• _WHAT TO DO_: Say the number of lines in the records below that hold the word "Circle", and only that number.

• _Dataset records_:
☆ ☆ ☆ ☆ ☆

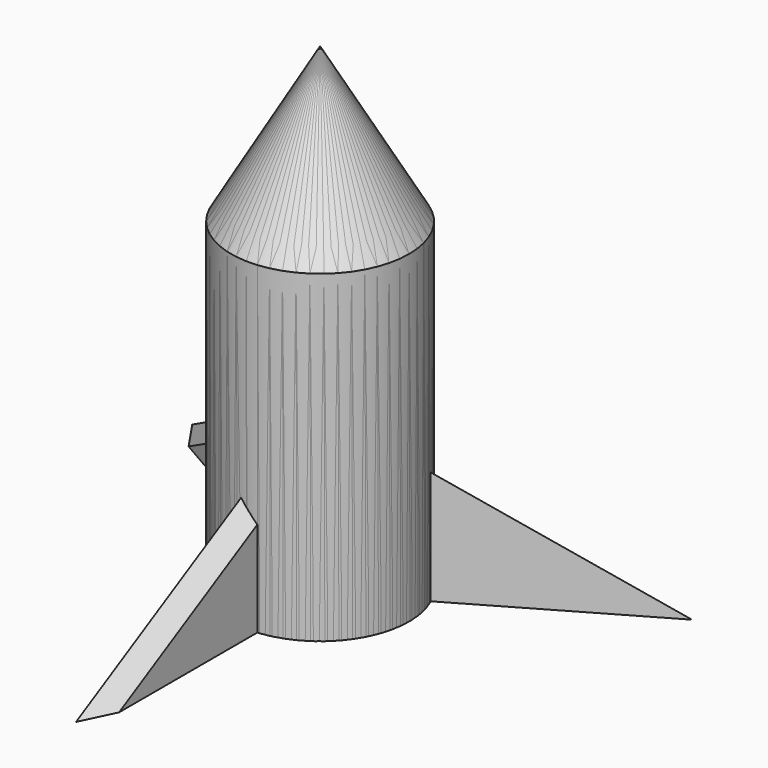
from build123d import *

# Parameters (mm, degrees)
F0_R        = 13.97
F0_R_2      = 11.43
F1_DEPTH    = 50.8
F2_R        = 13.97
F3_DEPTH    = 25.4
F3_TAPER    = 30
F4_T        = 2.54
F6_DEPTH    = 1.27
F7_T4_DEPTH = 69.1194463987
F7_S5_R     = 13.97
F7_T6_DEPTH = 38
F8_COUNT    = 3


# Not quite as in the source:
# - a fillet or chamfer that OpenCascade refuses, or shapes differently, is made with other operations: its cross-section is extruded or revolved along the edge and cut away or added
# - a shell that OpenCascade refuses in one call is made with other operations: the cavity is built on its own and cut out


with BuildPart() as f1:
    # F0 (on Top) → F1 (new body)
    with BuildSketch(Plane.XY):
        Circle(F0_R)
        Circle(F0_R_2, mode=Mode.SUBTRACT)
    extrude(amount=F1_DEPTH)

    # F2 (on face) → F3 (join)
    with BuildSketch(Plane.XY.offset(50.8)):
        Circle(F2_R)
    extrude(amount=F3_DEPTH, taper=F3_TAPER)

    # F4: shell of thickness 2.54, made by hand


with BuildPart() as f4_core1:
    # F4_t2: copy of F1
    add(f1.part)

    # the walls: a layer under each face that stays
    f4_faces = [f4_core1.faces().sort_by_distance(p)[0] for p in [
        (-13.97, 0, 25.4),
        (-9.3133333333, -9.3133333333, 0),
        (-6.985, 0, 62.8983748909),
        (-11.43, 0, 25.4),
    ]]
    thicken(f4_faces, amount=-F4_T, mode=Mode.SUBTRACT)


with BuildPart() as f1_1:
    add(f1.part)

    # what is left inside the walls is the cavity
    f4_cavity = [f4_core1.part.solids().sort_by_distance(p)[0] for p in [
        (-7.336043, 0, 57.15955),
    ]]
    add(f4_cavity, mode=Mode.SUBTRACT)

    # F5 (on Right) → F6 (join, symmetric)
    with BuildSketch(Plane.YZ):
        Polygon((-51.5810400248, 0), (-12.6313772053, 0), (-12.6313772053, 21.4238818735), align=None)
    extrude(amount=F6_DEPTH, both=True)

    # F7: chamfer of 5.08 on 1 edges, made by hand


with BuildPart() as f7_tool2:
    # F7_s3 → F7_t4 (new body)
    with BuildSketch(Plane(origin=(0, 9.5154878212, 5.233901202), x_dir=(1, 0, 0), z_dir=(0, -0.87620102, -0.4819458191))):
        Polygon((-3.81, 24.8592665835), (1.27, 19.7792665835), (1.27, 24.8592665835), align=None)
    extrude(amount=F7_T4_DEPTH)

    # F7_s5 → F7_t6 (cut, symmetric)
    with BuildSketch(Plane.XY.offset(8.1)):
        Circle(F7_S5_R)
    extrude(amount=F7_T6_DEPTH, both=True, mode=Mode.SUBTRACT)


with BuildPart() as f1_2:
    add(f1_1.part)

    # F7_t1: cut F7_tool2
    add(f7_tool2.part, mode=Mode.SUBTRACT)


with BuildPart() as f8_1:
    # F8: instance of F1
    add(f1_2.part.rotate(Axis((0, 0, 0), (0, 0, 1)), 1 * 360 / F8_COUNT))


with BuildPart() as f8_2:
    # F8: instance of F1
    add(f1_2.part.rotate(Axis((0, 0, 0), (0, 0, 1)), 2 * 360 / F8_COUNT))


solid = Compound([f1_2.part, f8_1.part, f8_2.part])

☆ ☆ ☆ ☆ ☆

• _ANSWER TO THE EXERCISE_: 4